Plant Synthetic Biology: Design, Quantification and Amplification of a Cell Type Specific Synthetic Genetic Circuit in Arabidopsis

Synthetic biologists can utilize plants as platforms to create photosynthetically driven and self-sustainable genetic circuits. Furthermore, there are many downstream applications for rationally designed plants. Although plants are excellent platforms, issues and unpredictability arise from the innate complexity of multicellularity and its underlying genetic regulation. The ability to quantitatively control gene expression within specific cell types can address some issues arising from multicellularity. In our research, we have developed a genetic circuit with the ability to induce and quantitatively control expression in Arabidopsis thaliana root epidermal cells.

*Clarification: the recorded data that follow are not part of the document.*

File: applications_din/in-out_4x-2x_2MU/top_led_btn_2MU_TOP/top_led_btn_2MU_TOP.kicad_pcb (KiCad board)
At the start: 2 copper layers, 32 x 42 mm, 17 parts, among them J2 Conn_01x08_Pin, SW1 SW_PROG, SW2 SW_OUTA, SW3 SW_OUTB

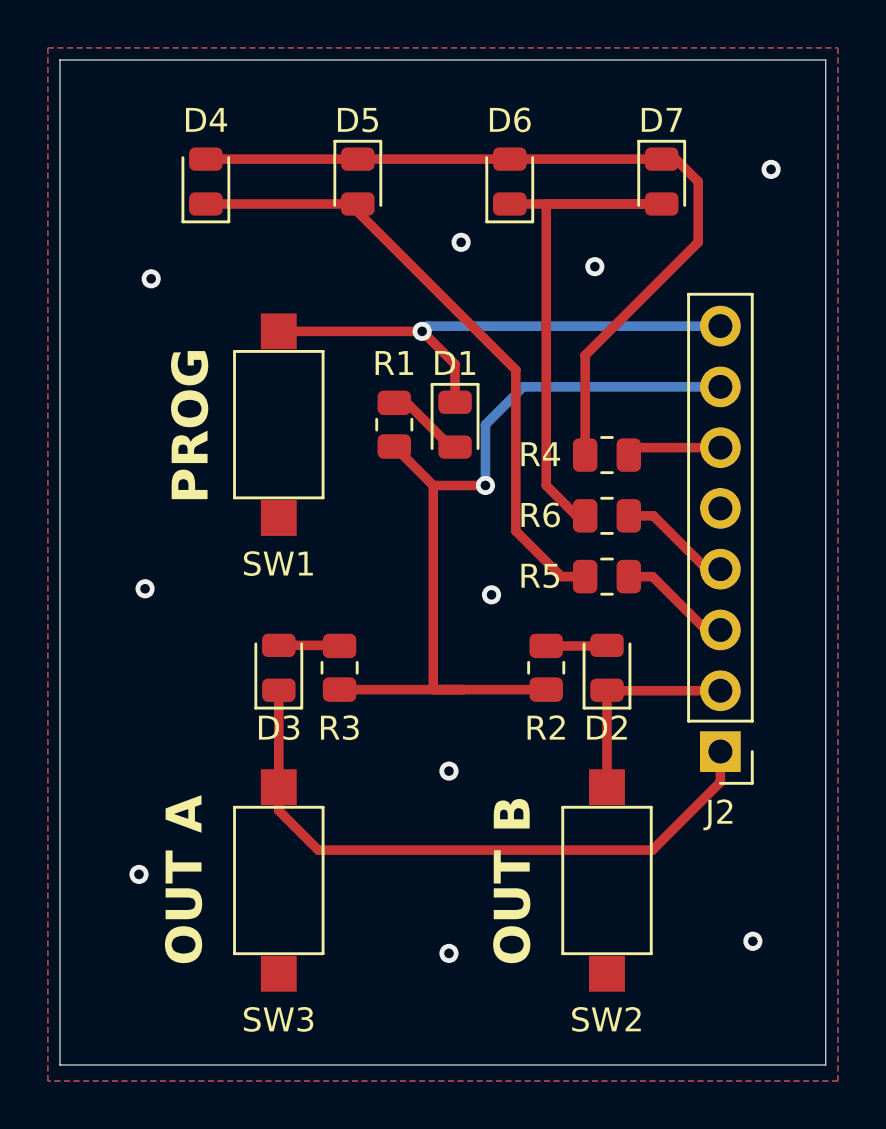
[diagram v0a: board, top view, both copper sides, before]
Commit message: properly rename 4in-2out application & top projects
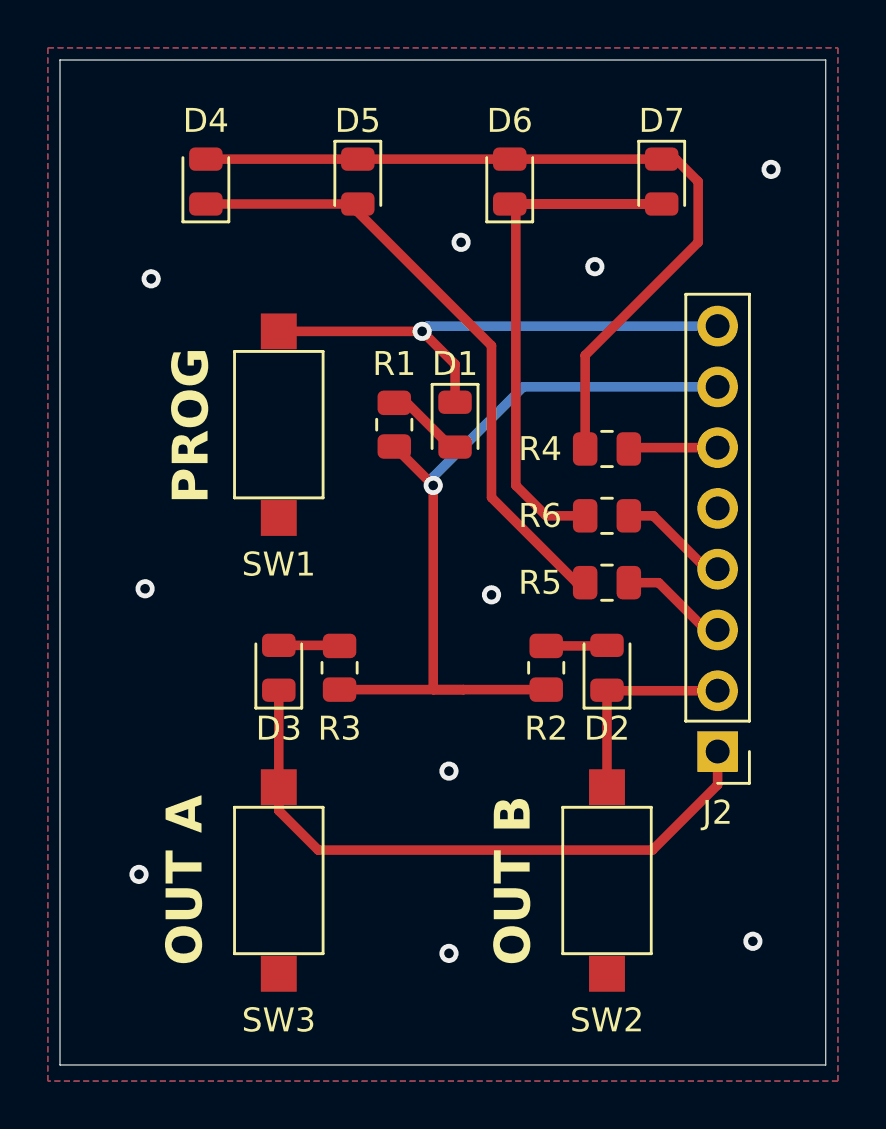
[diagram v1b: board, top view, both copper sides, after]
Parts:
- moved R4 0.25 mm to (121.9, 89.9)
- moved R5 0.25 mm to (121.9, 95.5)
- moved J2 0.12 mm to (126.5, 102.6)
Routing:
- net Net-(D6-K): track 25.1 -> 27.6 mm
- net +3V3: track 35.9 -> 34.5 mm
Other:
- board text added: "switch alternativ PTS636 SKG25J SMTR LFS https://eu.mouser.com/ProductDetail/CK/PTS636-SKG25J-SMTR-LFS"
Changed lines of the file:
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@@
 	(footprint "Resistor_SMD:R_0805_2012Metric"
 		(layer "F.Cu")
-		(at 121.92 90.17)
+		(at 121.92 89.916)
 		(descr "Resistor SMD 0805 (2012 Metric), square (rectangular) end terminal, IPC_7351 nominal, (Body size source: IPC-SM-782 page 72, https://www.pcb-3d.com/wordpress/wp-content/uploads/ipc-sm-782a_amendment_1_and_2.pdf), generated with kicad-footprint-generator")
 		(tags "resistor")
@@
 	(footprint "Resistor_SMD:R_0805_2012Metric"
 		(layer "F.Cu")
-		(at 121.92 95.25 180)
+		(at 121.92 95.504 180)
 		(descr "Resistor SMD 0805 (2012 Metric), square (rectangular) end terminal, IPC_7351 nominal, (Body size source: IPC-SM-782 page 72, https://www.pcb-3d.com/wordpress/wp-content/uploads/ipc-sm-782a_amendment_1_and_2.pdf), generated with kicad-footprint-generator")
 		(tags "resistor")
@@
 	(footprint "Connector_PinHeader_2.54mm:PinHeader_1x08_P2.54mm_Vertical"
 		(layer "F.Cu")
-		(at 126.66 102.56 180)
+		(at 126.5428 102.56 180)
 		(descr "Through hole straight pin header, 1x08, 2.54mm pitch, single row")
 		(tags "Through hole pin header THT 1x08 2.54mm single row")
@@
 		)
 	)
+	(gr_text "switch alternativ PTS636 SKG25J SMTR LFS\nhttps://eu.mouser.com/ProductDetail/CK/PTS636-SKG25J-SMTR-LFS"
+		(at 98.552 125.984 0)
+		(layer "Cmts.User")
+		(effects
+			(font
+				(size 1.5 1.5)
+				(thickness 0.3)
+				(bold yes)
+			)
+			(justify left bottom)
+		)
+	)
 	(segment
 		(start 115.40375 89.8375)
@@
 	)
 	(segment
-		(start 114.195 85)
-		(end 114.415 84.78)
+		(start 114.415 84.78)
+		(end 126.5428 84.78)
 		(width 0.4)
 		(layer "B.Cu")
@@
 	)
 	(segment
-		(start 114.415 84.78)
-		(end 126.66 84.78)
+		(start 114.195 85)
+		(end 114.415 84.78)
 		(width 0.4)
 		(layer "B.Cu")
@@
 	)
 	(segment
-		(start 121.9425 100.02)
+		(start 121.92 104.05)
 		(end 121.92 99.9975)
 		(width 0.4)
@@
 	)
 	(segment
-		(start 121.92 104.05)
+		(start 121.9425 100.02)
 		(end 121.92 99.9975)
 		(width 0.4)
@@
 	)
 	(segment
-		(start 126.66 100.02)
+		(start 126.5428 100.02)
 		(end 121.9425 100.02)
 		(width 0.4)
@@
 	)
 	(segment
-		(start 109.855 106.68)
-		(end 123.8175 106.68)
+		(start 126.5428 103.9547)
+		(end 126.5428 102.56)
 		(width 0.4)
 		(layer "F.Cu")
@@
 	)
 	(segment
-		(start 123.8175 106.68)
-		(end 126.66 103.8375)
+		(start 108.204 104.05)
+		(end 108.204 99.9975)
 		(width 0.4)
 		(layer "F.Cu")
@@
 	)
 	(segment
-		(start 126.66 103.8375)
-		(end 126.66 102.56)
+		(start 108.204 104.05)
+		(end 108.204 105.029)
 		(width 0.4)
 		(layer "F.Cu")
@@
 	)
 	(segment
-		(start 108.204 104.05)
-		(end 108.204 99.9975)
+		(start 108.204 105.029)
+		(end 109.855 106.68)
 		(width 0.4)
 		(layer "F.Cu")
@@
 	)
 	(segment
-		(start 108.204 105.029)
-		(end 109.855 106.68)
+		(start 123.8175 106.68)
+		(end 126.5428 103.9547)
 		(width 0.4)
 		(layer "F.Cu")
@@
 	)
 	(segment
-		(start 108.204 104.05)
-		(end 108.204 105.029)
+		(start 109.855 106.68)
+		(end 123.8175 106.68)
 		(width 0.4)
 		(layer "F.Cu")
@@
 	)
 	(segment
-		(start 125.73 81.28)
-		(end 125.73 78.74)
+		(start 117.856 77.8025)
+		(end 124.206 77.8025)
 		(width 0.4)
 		(layer "F.Cu")
@@
 	)
 	(segment
-		(start 117.856 77.8025)
-		(end 124.206 77.8025)
+		(start 125.73 81.28)
+		(end 125.73 78.74)
 		(width 0.4)
 		(layer "F.Cu")
@@
 	)
 	(segment
-		(start 125.73 78.74)
-		(end 124.7925 77.8025)
+		(start 121.0075 86.0025)
+		(end 125.73 81.28)
 		(width 0.4)
 		(layer "F.Cu")
@@
 	)
 	(segment
-		(start 121.0075 90.17)
+		(start 121.0075 89.916)
 		(end 121.0075 86.0025)
 		(width 0.4)
@@
 	)
 	(segment
-		(start 124.7925 77.8025)
-		(end 124.206 77.8025)
+		(start 125.73 78.74)
+		(end 124.7925 77.8025)
 		(width 0.4)
 		(layer "F.Cu")
@@
 	)
 	(segment
-		(start 121.0075 86.0025)
-		(end 125.73 81.28)
+		(start 124.7925 77.8025)
+		(end 124.206 77.8025)
 		(width 0.4)
 		(layer "F.Cu")
@@
 	)
 	(segment
-		(start 118.11 93.345)
-		(end 120.015 95.25)
+		(start 111.506 79.6775)
+		(end 111.506 80.01)
 		(width 0.4)
 		(layer "F.Cu")
@@
 	)
 	(segment
-		(start 111.506 79.6775)
-		(end 111.506 80.01)
+		(start 117.094 85.598)
+		(end 117.094 91.948)
 		(width 0.4)
 		(layer "F.Cu")
@@
 	)
 	(segment
-		(start 118.11 86.614)
-		(end 118.11 93.345)
+		(start 111.506 80.01)
+		(end 117.094 85.598)
 		(width 0.4)
 		(layer "F.Cu")
@@
 	)
 	(segment
-		(start 111.506 80.01)
-		(end 118.11 86.614)
+		(start 120.65 95.504)
+		(end 121.0075 95.504)
 		(width 0.4)
 		(layer "F.Cu")
@@
 	)
 	(segment
-		(start 120.015 95.25)
-		(end 121.0075 95.25)
+		(start 117.094 91.948)
+		(end 120.65 95.504)
 		(width 0.4)
 		(layer "F.Cu")
@@
 	)
 	(segment
-		(start 124.206 79.6775)
-		(end 119.38 79.6775)
+		(start 119.38 92.71)
+		(end 121.0075 92.71)
 		(width 0.4)
 		(layer "F.Cu")
@@
 	)
 	(segment
-		(start 119.38 91.44)
-		(end 120.65 92.71)
+		(start 118.11 79.6775)
+		(end 118.11 91.44)
 		(width 0.4)
 		(layer "F.Cu")
@@
 	)
 	(segment
-		(start 120.65 92.71)
-		(end 121.0075 92.71)
+		(start 118.11 91.44)
+		(end 119.38 92.71)
 		(width 0.4)
 		(layer "F.Cu")
@@
 	)
 	(segment
-		(start 119.38 79.6775)
-		(end 119.38 91.44)
+		(start 117.856 79.6775)
+		(end 124.206 79.6775)
 		(width 0.4)
 		(layer "F.Cu")
@@
 	)
 	(segment
-		(start 117.856 79.6775)
-		(end 124.206 79.6775)
+		(start 124.206 79.6775)
+		(end 118.11 79.6775)
 		(width 0.4)
 		(layer "F.Cu")
@@
 	)
 	(segment
-		(start 126.089688 94.94)
-		(end 123.859688 92.71)
+		(start 123.859688 92.71)
+		(end 122.8325 92.71)
 		(width 0.4)
 		(layer "F.Cu")
@@
 	)
 	(segment
-		(start 126.66 94.94)
+		(start 126.5428 94.94)
 		(end 126.089688 94.94)
 		(width 0.4)
@@
 	)
 	(segment
-		(start 123.859688 92.71)
-		(end 122.8325 92.71)
+		(start 126.089688 94.94)
+		(end 123.859688 92.71)
 		(width 0.4)
 		(layer "F.Cu")
@@
 	)
 	(segment
-		(start 123.1425 89.86)
-		(end 126.66 89.86)
+		(start 122.8325 89.916)
+		(end 122.8885 89.86)
 		(width 0.4)
 		(layer "F.Cu")
@@
 	)
 	(segment
-		(start 122.8325 90.17)
-		(end 123.1425 89.86)
+		(start 122.8885 89.86)
+		(end 126.5428 89.86)
 		(width 0.4)
 		(layer "F.Cu")
@@
 	)
 	(segment
-		(start 116.84 91.44)
-		(end 114.6575 91.44)
-		(width 0.4)
-		(layer "F.Cu")
-		(net 13)
-	)
-	(segment
 		(start 115.9275 99.9725)
 		(end 114.6575 99.9725)
@@
 	)
 	(via
-		(at 116.84 91.44)
+		(at 114.6575 91.44)
 		(size 0.8)
 		(drill 0.4)
@@
 	)
 	(segment
-		(start 116.84 88.9)
+		(start 114.6575 91.0825)
 		(end 118.42 87.32)
 		(width 0.4)
@@
 	)
 	(segment
-		(start 118.42 87.32)
-		(end 126.66 87.32)
+		(start 114.6575 91.44)
+		(end 114.6575 91.0825)
 		(width 0.4)
 		(layer "B.Cu")
@@
 	)
 	(segment
-		(start 116.84 91.44)
-		(end 116.84 88.9)
+		(start 118.42 87.32)
+		(end 126.5428 87.32)
 		(width 0.4)
 		(layer "B.Cu")
@@
 	)
 	(segment
-		(start 126.66 97.48)
-		(end 126.055 97.48)
+		(start 124.079 95.504)
+		(end 122.8325 95.504)
 		(width 0.4)
 		(layer "F.Cu")
@@
 	)
 	(segment
-		(start 123.825 95.25)
-		(end 122.8325 95.25)
+		(start 126.055 97.48)
+		(end 124.079 95.504)
 		(width 0.4)
 		(layer "F.Cu")
@@
 	)
 	(segment
-		(start 126.055 97.48)
-		(end 123.825 95.25)
+		(start 126.5428 97.48)
+		(end 126.055 97.48)
 		(width 0.4)
 		(layer "F.Cu")

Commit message: update in-out_4x-2x_2MU - final for now
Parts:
- SW1, SW2, SW3: footprint Button_Switch_SMD:SW_SPST_CK_RS282G05A3 -> Button_Switch_SMD:SW_SPST_Omron_B3FS-100xP
- moved D1 2.27 mm to (114.6, 86.9), turned to 0 degrees
- moved R1 1.61 mm to (114.6, 89.4), turned to 180 degrees
- moved SW1 0.76 mm to (109.0, 88.9)
- moved SW2 0.76 mm to (121.2, 108.0), turned to -90 degrees
- moved SW3 0.76 mm to (109.0, 108.0), turned to -90 degrees
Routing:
- net Net-(D1-K): track 22.0 -> 17.4 mm
- net Net-(D3-K): track 26.6 -> 28.8 mm
- net Net-(D2-K): track 8.68 -> 9.83 mm

Our circuit design uses an externally applied ligand that activates a computationally designed transcriptional response driven by a tissue specific promoter to control output (GFP expression). In addition, we engineered a circuit that adds a positive feedback motif to amplify the system. To quantify the behaviors of these circuits we developed a Matlab program to remove autofluorescence from optical sections captured on a spinning disk confocal micrscope. The program subsequently defines a region of interest, and computes the mean log pixel intensity of the GFP signal within the region. We will present results describing our data to date and on-going work showing this genetic circuit is highly specific for the cell type (root epidermis), fully controllable with the external ligand, and capable of amplification with the positive feedback circuit. The concepts and components of these circuits can be implemented in future designs to engineer and produce plants with more predictable behavior affording the operator greater control.